• [Problem to work on]: When you come to a picture, pass over it, and set down the entries below exactly.

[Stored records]
★ ★ ★ ★ ★ ★ ★
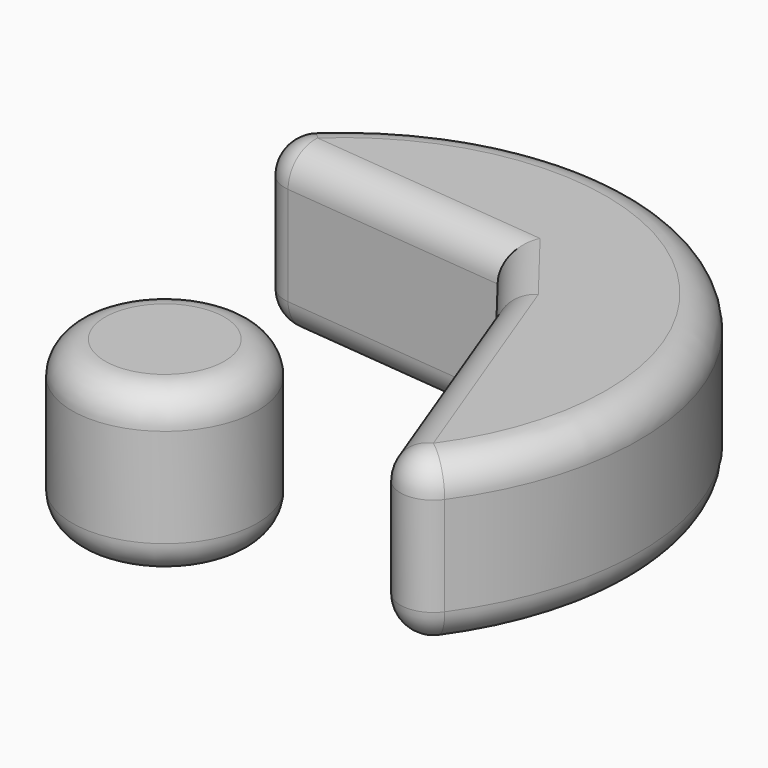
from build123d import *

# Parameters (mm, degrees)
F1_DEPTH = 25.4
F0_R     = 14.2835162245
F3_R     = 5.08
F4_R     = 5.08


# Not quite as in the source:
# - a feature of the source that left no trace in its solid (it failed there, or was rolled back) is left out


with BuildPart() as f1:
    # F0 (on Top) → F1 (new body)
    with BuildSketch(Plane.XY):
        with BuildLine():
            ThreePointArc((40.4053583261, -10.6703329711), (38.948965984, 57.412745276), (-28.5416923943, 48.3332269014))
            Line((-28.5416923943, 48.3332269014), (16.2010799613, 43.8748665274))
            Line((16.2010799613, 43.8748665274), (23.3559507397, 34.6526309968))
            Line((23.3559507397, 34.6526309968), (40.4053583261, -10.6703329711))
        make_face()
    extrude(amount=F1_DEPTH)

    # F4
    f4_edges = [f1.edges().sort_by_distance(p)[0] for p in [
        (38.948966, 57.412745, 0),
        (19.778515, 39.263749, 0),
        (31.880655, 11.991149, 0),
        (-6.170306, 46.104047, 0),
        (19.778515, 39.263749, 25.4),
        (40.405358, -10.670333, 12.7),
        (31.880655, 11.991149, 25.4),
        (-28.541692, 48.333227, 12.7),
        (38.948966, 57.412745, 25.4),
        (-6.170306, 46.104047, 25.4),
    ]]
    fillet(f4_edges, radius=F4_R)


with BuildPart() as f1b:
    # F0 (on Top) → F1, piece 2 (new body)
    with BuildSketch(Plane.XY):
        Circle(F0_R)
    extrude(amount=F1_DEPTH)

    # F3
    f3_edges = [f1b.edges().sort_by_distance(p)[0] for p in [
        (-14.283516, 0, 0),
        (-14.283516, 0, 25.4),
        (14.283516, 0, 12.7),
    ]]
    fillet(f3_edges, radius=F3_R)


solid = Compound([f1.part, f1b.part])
★ ★ ★ ★ ★ ★ ★
• [Final answer]:
from build123d import *

# Parameters (mm, degrees)
F1_DEPTH = 25.4
F0_R     = 14.2835162245
F3_R     = 5.08
F4_R     = 5.08


# Not quite as in the source:
# - a feature of the source that left no trace in its solid (it failed there, or was rolled back) is left out


with BuildPart() as f1:
    # F0 (on Top) → F1 (new body)
    with BuildSketch(Plane.XY):
        with BuildLine():
            ThreePointArc((40.4053583261, -10.6703329711), (38.948965984, 57.412745276), (-28.5416923943, 48.3332269014))
            Line((-28.5416923943, 48.3332269014), (16.2010799613, 43.8748665274))
            Line((16.2010799613, 43.8748665274), (23.3559507397, 34.6526309968))
            Line((23.3559507397, 34.6526309968), (40.4053583261, -10.6703329711))
        make_face()
    extrude(amount=F1_DEPTH)

    # F4
    f4_edges = [f1.edges().sort_by_distance(p)[0] for p in [
        (38.948966, 57.412745, 0),
        (19.778515, 39.263749, 0),
        (31.880655, 11.991149, 0),
        (-6.170306, 46.104047, 0),
        (19.778515, 39.263749, 25.4),
        (40.405358, -10.670333, 12.7),
        (31.880655, 11.991149, 25.4),
        (-28.541692, 48.333227, 12.7),
        (38.948966, 57.412745, 25.4),
        (-6.170306, 46.104047, 25.4),
    ]]
    fillet(f4_edges, radius=F4_R)


with BuildPart() as f1b:
    # F0 (on Top) → F1, piece 2 (new body)
    with BuildSketch(Plane.XY):
        Circle(F0_R)
    extrude(amount=F1_DEPTH)

    # F3
    f3_edges = [f1b.edges().sort_by_distance(p)[0] for p in [
        (-14.283516, 0, 0),
        (-14.283516, 0, 25.4),
        (14.283516, 0, 12.7),
    ]]
    fillet(f3_edges, radius=F3_R)


solid = Compound([f1.part, f1b.part])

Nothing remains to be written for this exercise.